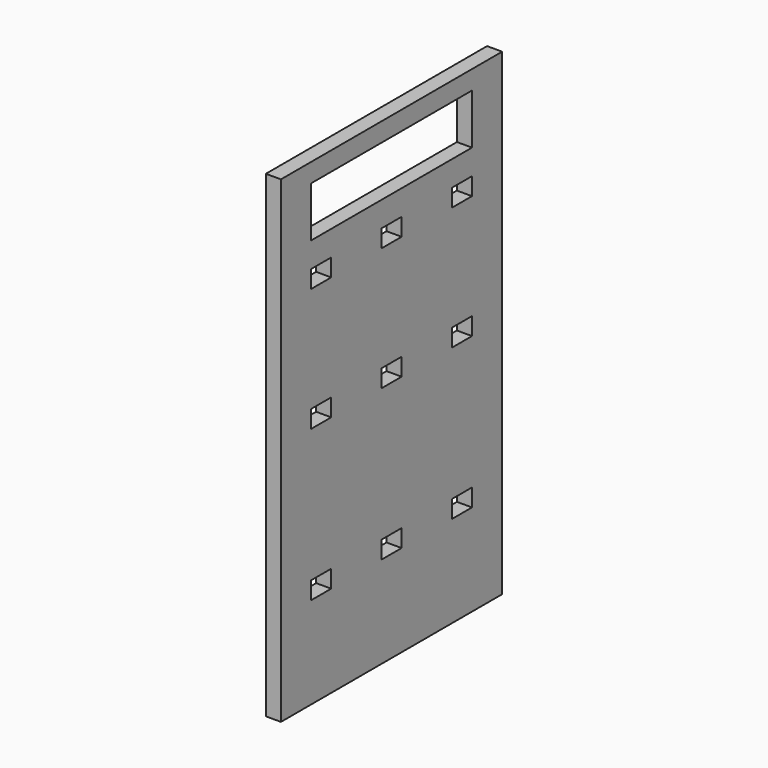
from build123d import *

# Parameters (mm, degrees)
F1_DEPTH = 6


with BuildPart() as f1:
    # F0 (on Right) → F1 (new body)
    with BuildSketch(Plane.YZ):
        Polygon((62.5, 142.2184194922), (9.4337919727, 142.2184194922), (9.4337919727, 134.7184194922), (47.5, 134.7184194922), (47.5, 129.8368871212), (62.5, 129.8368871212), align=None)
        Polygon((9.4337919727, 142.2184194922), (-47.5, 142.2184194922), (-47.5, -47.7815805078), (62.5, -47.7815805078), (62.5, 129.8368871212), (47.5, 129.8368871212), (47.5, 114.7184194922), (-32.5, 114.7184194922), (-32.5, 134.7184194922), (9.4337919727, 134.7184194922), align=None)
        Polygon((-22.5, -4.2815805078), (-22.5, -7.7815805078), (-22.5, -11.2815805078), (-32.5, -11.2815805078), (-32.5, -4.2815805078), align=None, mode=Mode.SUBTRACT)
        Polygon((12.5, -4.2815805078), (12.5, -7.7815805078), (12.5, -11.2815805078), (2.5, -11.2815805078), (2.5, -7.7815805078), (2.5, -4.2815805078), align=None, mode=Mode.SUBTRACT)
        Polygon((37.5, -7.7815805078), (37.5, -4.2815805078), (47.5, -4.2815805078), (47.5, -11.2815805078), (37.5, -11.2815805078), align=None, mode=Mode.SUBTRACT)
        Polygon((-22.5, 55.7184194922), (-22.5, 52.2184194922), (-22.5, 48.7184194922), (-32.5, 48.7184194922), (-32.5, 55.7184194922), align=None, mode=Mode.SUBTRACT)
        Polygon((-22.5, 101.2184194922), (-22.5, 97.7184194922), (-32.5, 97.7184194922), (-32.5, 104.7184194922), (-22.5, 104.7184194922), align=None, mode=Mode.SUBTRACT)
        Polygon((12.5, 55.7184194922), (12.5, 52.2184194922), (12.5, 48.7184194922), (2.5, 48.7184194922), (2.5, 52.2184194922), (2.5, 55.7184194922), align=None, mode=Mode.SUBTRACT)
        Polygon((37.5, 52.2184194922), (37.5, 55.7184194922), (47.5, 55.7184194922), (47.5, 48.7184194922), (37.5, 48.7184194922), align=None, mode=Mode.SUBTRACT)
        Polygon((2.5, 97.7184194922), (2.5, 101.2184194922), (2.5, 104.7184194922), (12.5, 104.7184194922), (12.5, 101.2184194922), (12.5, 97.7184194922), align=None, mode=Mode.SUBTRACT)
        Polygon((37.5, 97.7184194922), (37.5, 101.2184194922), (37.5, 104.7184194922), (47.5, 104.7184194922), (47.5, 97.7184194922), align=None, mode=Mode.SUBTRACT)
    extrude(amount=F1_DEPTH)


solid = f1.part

• • • • •

Starting with the first line of the data above, write out each line exactly up to and including the line that holds "(62.5, 129.8368871212), align=None)". Pictures stay out.

= RESPONSE TO THE EXERCISE =
from build123d import *

# Parameters (mm, degrees)
F1_DEPTH = 6


with BuildPart() as f1:
    # F0 (on Right) → F1 (new body)
    with BuildSketch(Plane.YZ):
        Polygon((62.5, 142.2184194922), (9.4337919727, 142.2184194922), (9.4337919727, 134.7184194922), (47.5, 134.7184194922), (47.5, 129.8368871212), (62.5, 129.8368871212), align=None)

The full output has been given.